Split brain issue using version 5?


(Alex Gray) #1

We have 3 Looker AWS Instances behind an ELB, whose health check is simply TCP:9999.

We had to roll the servers today, one at a time.

When all the servers were up and running and the ELB was happily sending requests to all 3 instances, we started noticing odd behaviors.

The issue was that from looker’s point of view there were TWO instances in the cluster, not 3. The “rogue” instance’s looker java process was happily running (and thus it had its 9999 port open) and it was happily taking requests from the ELB.

It looks like we just bumped into the class is “split brain” case, where we had isolated looker instances that were not part of the cluster.

How do we:

  1. programmatically detect this.
  2. prevent this from happening.

This is using version 5 of looker.


(Ryan Dunlavy) #2

Hi @Alex_Gray

Could you tell me a bit about how the node was started by itself?

If it was due to missing startup flags, I think adding some checks on each of the Looker instances to confirm that the flags were set correctly would help to ensure catching that in the future. For example, ps aux | sed -n -e 's/^.*looker.jar start //p' | head -n1 would return all of the Looker flags set on the java process.

Another option would be to use i__looker to check on the number nodes with any queries ran over the past hour.
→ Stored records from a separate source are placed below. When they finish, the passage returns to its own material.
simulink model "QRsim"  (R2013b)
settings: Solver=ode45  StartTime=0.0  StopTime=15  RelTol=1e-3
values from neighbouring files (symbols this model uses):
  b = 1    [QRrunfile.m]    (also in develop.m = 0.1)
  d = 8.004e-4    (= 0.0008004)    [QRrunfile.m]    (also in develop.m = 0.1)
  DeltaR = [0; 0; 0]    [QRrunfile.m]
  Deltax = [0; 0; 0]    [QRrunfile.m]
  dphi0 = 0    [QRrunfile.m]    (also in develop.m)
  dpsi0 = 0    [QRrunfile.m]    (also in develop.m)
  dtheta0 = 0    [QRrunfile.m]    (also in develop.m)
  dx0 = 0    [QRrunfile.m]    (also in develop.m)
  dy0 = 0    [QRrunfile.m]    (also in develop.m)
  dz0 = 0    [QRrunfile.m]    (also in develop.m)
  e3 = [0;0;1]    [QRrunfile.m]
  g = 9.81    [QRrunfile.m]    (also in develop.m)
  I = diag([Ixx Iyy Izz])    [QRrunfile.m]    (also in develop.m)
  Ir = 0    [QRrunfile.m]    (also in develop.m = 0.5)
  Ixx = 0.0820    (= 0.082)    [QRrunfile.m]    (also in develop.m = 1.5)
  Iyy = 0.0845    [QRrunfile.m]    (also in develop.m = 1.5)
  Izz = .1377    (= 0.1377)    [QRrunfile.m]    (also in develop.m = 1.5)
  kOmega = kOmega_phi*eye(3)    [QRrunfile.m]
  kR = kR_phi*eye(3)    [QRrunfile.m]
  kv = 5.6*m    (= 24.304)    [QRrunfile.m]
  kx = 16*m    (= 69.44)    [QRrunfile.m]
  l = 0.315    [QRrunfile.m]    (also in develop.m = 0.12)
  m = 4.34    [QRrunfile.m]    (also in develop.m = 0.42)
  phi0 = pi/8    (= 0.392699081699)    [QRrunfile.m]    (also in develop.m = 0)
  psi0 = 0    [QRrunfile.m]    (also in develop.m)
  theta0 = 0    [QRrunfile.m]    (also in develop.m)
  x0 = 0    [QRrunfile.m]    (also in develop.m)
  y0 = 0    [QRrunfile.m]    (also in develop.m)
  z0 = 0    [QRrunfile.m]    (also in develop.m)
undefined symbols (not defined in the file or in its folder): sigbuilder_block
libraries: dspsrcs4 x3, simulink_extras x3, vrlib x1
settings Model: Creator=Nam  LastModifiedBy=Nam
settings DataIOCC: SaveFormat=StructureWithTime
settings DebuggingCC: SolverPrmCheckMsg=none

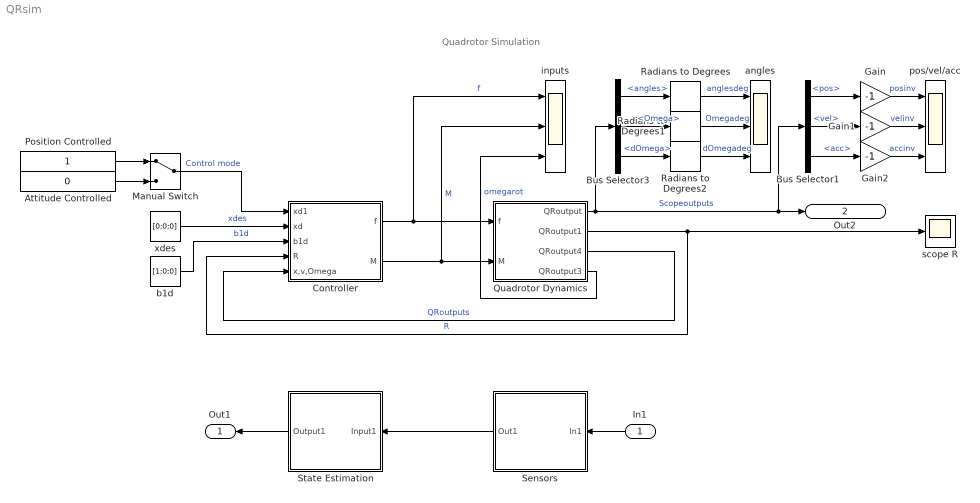
== system QRsim ==
  note: Quadrotor Simulation
  In1 : Inport
  Attitude Controlled : Constant  Value=0  VectorParams1D=off
      mask Display: disp('Attitude controlled')
  Bus Selector1 : BusSelector  OutputSignals=signal1.pos,signal1.vel,signal1.acc
  Bus Selector3 : BusSelector  OutputSignals=signal2.angles,signal2.Omega,signal2.dOmega
  Controller : Subsystem
      mask Display: disp('Controller')
  Gain : Gain  Gain=-1
  Gain1 : Gain  Gain=-1
  Gain2 : Gain  Gain=-1
  Manual Switch : ManualSwitch
  Position Controlled : Constant  VectorParams1D=off
      mask Display: disp('Position controlled')
  Quadrotor Dynamics : Subsystem
      mask Display: image('bebop.png')
  Radians to Degrees : simulink_extras/Transformations/Radians to Degrees
  Radians to Degrees1 : simulink_extras/Transformations/Radians to Degrees
  Radians to Degrees2 : simulink_extras/Transformations/Radians to Degrees
  Sensors : Subsystem
      mask Display: image('optitrack.jpg')
  State Estimation : Subsystem
  angles : Scope  NumInputPorts=3
      settings: ShowLegends=on  YMin=-375~-850~-1e+13  YMax=25~0~1e+12
  b1d : Constant  Value=[1;0;0]  VectorParams1D=off
  inputs : Scope  NumInputPorts=3
      settings: ShowLegends=on  YMin=-5~-5~-5  YMax=5~5~5  SaveName=ScopeData2
  pos/vel/acc : Scope  NumInputPorts=3
      settings: ShowLegends=on  YMin=-5~-5~-5  YMax=5~5~5
  scope R : Scope
      settings: SaveName=ScopeData16
  xdes : Constant  Value=[0;0;0]  VectorParams1D=off
  Out1 : Outport
  Out2 : Outport  Port=2
  wires:
  Sensors/1(Out1) -> State Estimation/1(Input1)
  xdes/1 -> Controller/2(xd)  "xdes"
  b1d/1 -> Controller/3(b1d)  "b1d"
  State Estimation/1(Output1) -> Out1/1
  In1/1 -> Sensors/1(In1)
  Controller/1(f) -> Quadrotor Dynamics/1(f), inputs/1  "f"
  Controller/2(M) -> Quadrotor Dynamics/2(M), inputs/2  "M"
  Quadrotor Dynamics/1(QRoutput) -> Bus Selector1/1, Out2/1, Bus Selector3/1  "Scopeoutputs"
  Bus Selector3/1 -> Radians to Degrees/1  "<angles>"
  Bus Selector3/2 -> Radians to Degrees1/1  "<Omega>"
  Bus Selector3/3 -> Radians to Degrees2/1  "<dOmega>"
  Gain/1 -> pos/vel/acc/1  "posinv"
  Gain1/1 -> pos/vel/acc/2  "velinv"
  Gain2/1 -> pos/vel/acc/3  "accinv"
  Bus Selector1/1 -> Gain/1  "<pos>"
  Bus Selector1/2 -> Gain1/1  "<vel>"
  Bus Selector1/3 -> Gain2/1  "<acc>"
  Quadrotor Dynamics/4(QRoutput3) -> inputs/3  "omegarot"
  Quadrotor Dynamics/2(QRoutput1) -> scope R/1, Controller/4(R)  "R"
  Quadrotor Dynamics/3(QRoutput4) -> Controller/5(x,v,Omega)  "QRoutputs"
  Radians to Degrees/1 -> angles/1  "anglesdeg"
  Radians to Degrees1/1 -> angles/2  "Omegadeg"
  Radians to Degrees2/1 -> angles/3  "dOmegadeg"
  Position Controlled/1 -> Manual Switch/1
  Attitude Controlled/1 -> Manual Switch/2
  Manual Switch/1 -> Controller/1(xd1)  "Control mode"

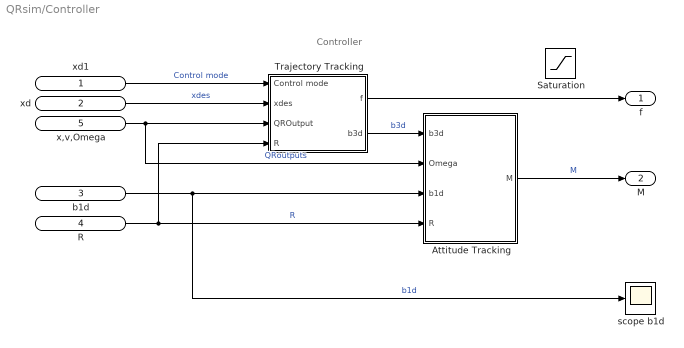
== system QRsim/Controller ==
  note: Controller
  xd1 : Inport
  xd : Inport  Port=2
  b1d : Inport  Port=3
  R : Inport  Port=4
  x,v,Omega : Inport  Port=5
  Attitude Tracking : Subsystem
      mask Display: disp('Attitude\nTracking')
  Saturation : Saturate  UpperLimit=200  LowerLimit=-200
  Trajectory Tracking : Subsystem
      mask Display: disp('Trajectory\nTracking')
  scope b1d : Scope
      settings: SaveName=ScopeData5
  f : Outport
  M : Outport  Port=2
  wires:
  b1d/1 -> scope b1d/1, Attitude Tracking/3(b1d)  "b1d"
  Attitude Tracking/1(M) -> M/1  "M"
  xd/1 -> Trajectory Tracking/2(xdes)  "xdes"
  Trajectory Tracking/2(b3d) -> Attitude Tracking/1(b3d)  "b3d"
  R/1 -> Trajectory Tracking/4(R), Attitude Tracking/4(R)  "R"
  x,v,Omega/1 -> Attitude Tracking/2(Omega), Trajectory Tracking/3(QROutput)  "QRoutputs"
  Trajectory Tracking/1(f) -> f/1
  xd1/1 -> Trajectory Tracking/1(Control mode)  "Control mode"

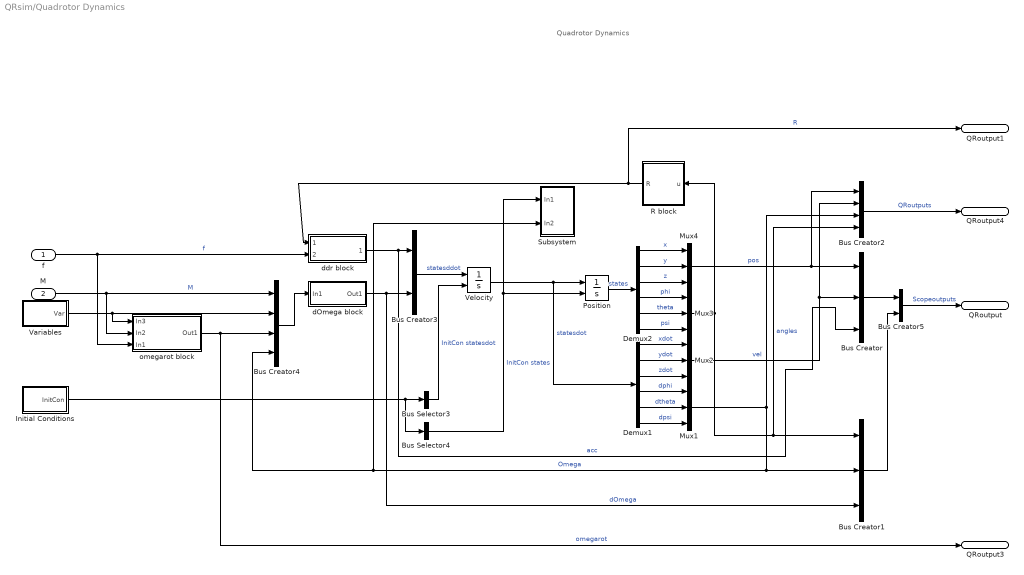
== system QRsim/Quadrotor Dynamics ==
  note: Quadrotor Dynamics
  f : Inport
  M : Inport  Port=2  PortDimensions=[3 1]
  Bus Creator : BusCreator  Inputs=3
  Bus Creator1 : BusCreator  Inputs=3
  Bus Creator2 : BusCreator
  Bus Creator3 : BusCreator  Inputs=2
  Bus Creator4 : BusCreator
  Bus Creator5 : BusCreator  Inputs=2
  Bus Selector3 : BusSelector  OutputSignals=InitCon dot.dx0,InitCon dot.dy0,InitCon dot.dz0,InitCon dot.dphi0,InitCon dot.dtheta0,InitCon dot.dpsi0  OutputAsBus=on
  Bus Selector4 : BusSelector  OutputSignals=InitCon.x0,InitCon.y0,InitCon.z0,InitCon.phi0,InitCon.theta0,InitCon.psi0  OutputAsBus=on
  Demux1 : Demux  Outputs=6
  Demux2 : Demux  Outputs=6
  Initial Conditions : Subsystem
  Mux{1..4} (4 alike) : Mux  Inputs=3
  Position : Integrator  InitialConditionSource=external
  R block : MATLAB Function  TreatAsAtomicUnit=on
  Subsystem : Subsystem
  Variables : Subsystem
      mask Display: disp('Variables')
  Velocity : Integrator  InitialConditionSource=external
  dOmega block : Subsystem
      mask Display: disp('[\psi{"}; \phi{"}; \theta{"}]','texmode','on')
  ddr block : Subsystem
      mask Display: disp('[x{"}; y{"}; z{"}]','texmode','on')
  omegarot block : Subsystem
      mask Display: disp('(f,M) \rightarrow \omega_i','texmode','on')
  QRoutput : Outport
  QRoutput1 : Outport  Port=2
  QRoutput4 : Outport  Port=3
  QRoutput3 : Outport  Port=4
  wires:
  Velocity/1 -> Position/1, Demux1/1  "statesdot"
  f/1 -> ddr block/2(R,f,m,g), omegarot block/3(In1)  "f"
  Variables/1(Var) -> omegarot block/1(In3), Bus Creator4/2
  M/1 -> omegarot block/2(In2), Bus Creator4/1  "M"
  Position/1 -> Demux2/1  "states"
  ddr block/1(rddotOutput) -> Bus Creator/3, Bus Creator3/1  "acc"
  Bus Creator3/1 -> Velocity/1  "statesddot"
  Initial Conditions/1(InitCon) -> Bus Selector3/1, Bus Selector4/1
  Bus Selector3/1 -> Velocity/2  "InitCon statesdot"
  Bus Selector4/1 -> Subsystem/1(In1), Position/2  "InitCon states"
  dOmega block/1(Out1) -> Bus Creator3/2, Bus Creator1/3  "dOmega"
  Bus Creator4/1 -> dOmega block/1(In1)
  Demux1/4 -> Mux1/1  "dphi"
  Demux1/5 -> Mux1/2  "dtheta"
  Demux1/6 -> Mux1/3  "dpsi"
  Demux1/2 -> Mux2/2  "ydot"
  Demux1/1 -> Mux2/1  "xdot"
  Demux1/3 -> Mux2/3  "zdot"
  Mux2/1 -> Bus Creator2/2, Bus Creator/2  "vel"
  Demux2/4 -> Mux3/1  "phi"
  Demux2/5 -> Mux3/2  "theta"
  Demux2/6 -> Mux3/3  "psi"
  Demux2/2 -> Mux4/2  "y"
  Demux2/1 -> Mux4/1  "x"
  Demux2/3 -> Mux4/3  "z"
  Mux3/1 -> Bus Creator2/4, Bus Creator1/1, R block/1(u)  "angles"
  Mux4/1 -> Bus Creator2/1, Bus Creator/1  "pos"
  omegarot block/1(Out1) -> QRoutput3/1, Bus Creator4/3  "omegarot"
  Bus Creator/1 -> Bus Creator5/1
  Bus Creator1/1 -> Bus Creator5/2
  Bus Creator5/1 -> QRoutput/1  "Scopeoutputs"
  Mux1/1 -> Subsystem/2(In2), Bus Creator4/4, Bus Creator1/2, Bus Creator2/3  "Omega"
  Bus Creator2/1 -> QRoutput4/1  "QRoutputs"
  R block/1(R) -> QRoutput1/1, ddr block/1(R,f,m,g1)  "R"

== system QRsim/Sensors ==
  In1 : Inport
  Out1 : Outport
  wires:
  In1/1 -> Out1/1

You could check the number of nodes that have been used (and are in the cluster) either by scheduling this report or regularly querying it via the API. For example:

[your looker url]/explore/i__looker/history?fields=history.node_id,history.query_run_count&f[history.created_hour]=3+hours&sorts=history.query_run_count+desc&limit=500&query_timezone=America%2FLos_Angeles&vis=%7B%7D&filter_config=%7B%22history.created_hour%22%3A%5B%7B%22type%22%3A%22past%22%2C%22values%22%3A%5B%7B%22constant%22%3A%223%22%2C%22unit%22%3A%22hr%22%7D%2C%7B%7D%5D%2C%22id%22%3A0%2C%22error%22%3Afalse%7D%5D%7D

As for ways to prevent this, making sure the startup flags are set the same way each time would be the best way to ensure all nodes are within the cluster. Adding a lookerstart.cfg could be one option, and the IP could be set automatically as well:

MY_HOST=$(curl ifconfig.me | awk '{print $1}')
LOOKERARGS="-d looker-db.yml --clustered -H "${MY_HOST}""

Hope this helps!

Ryan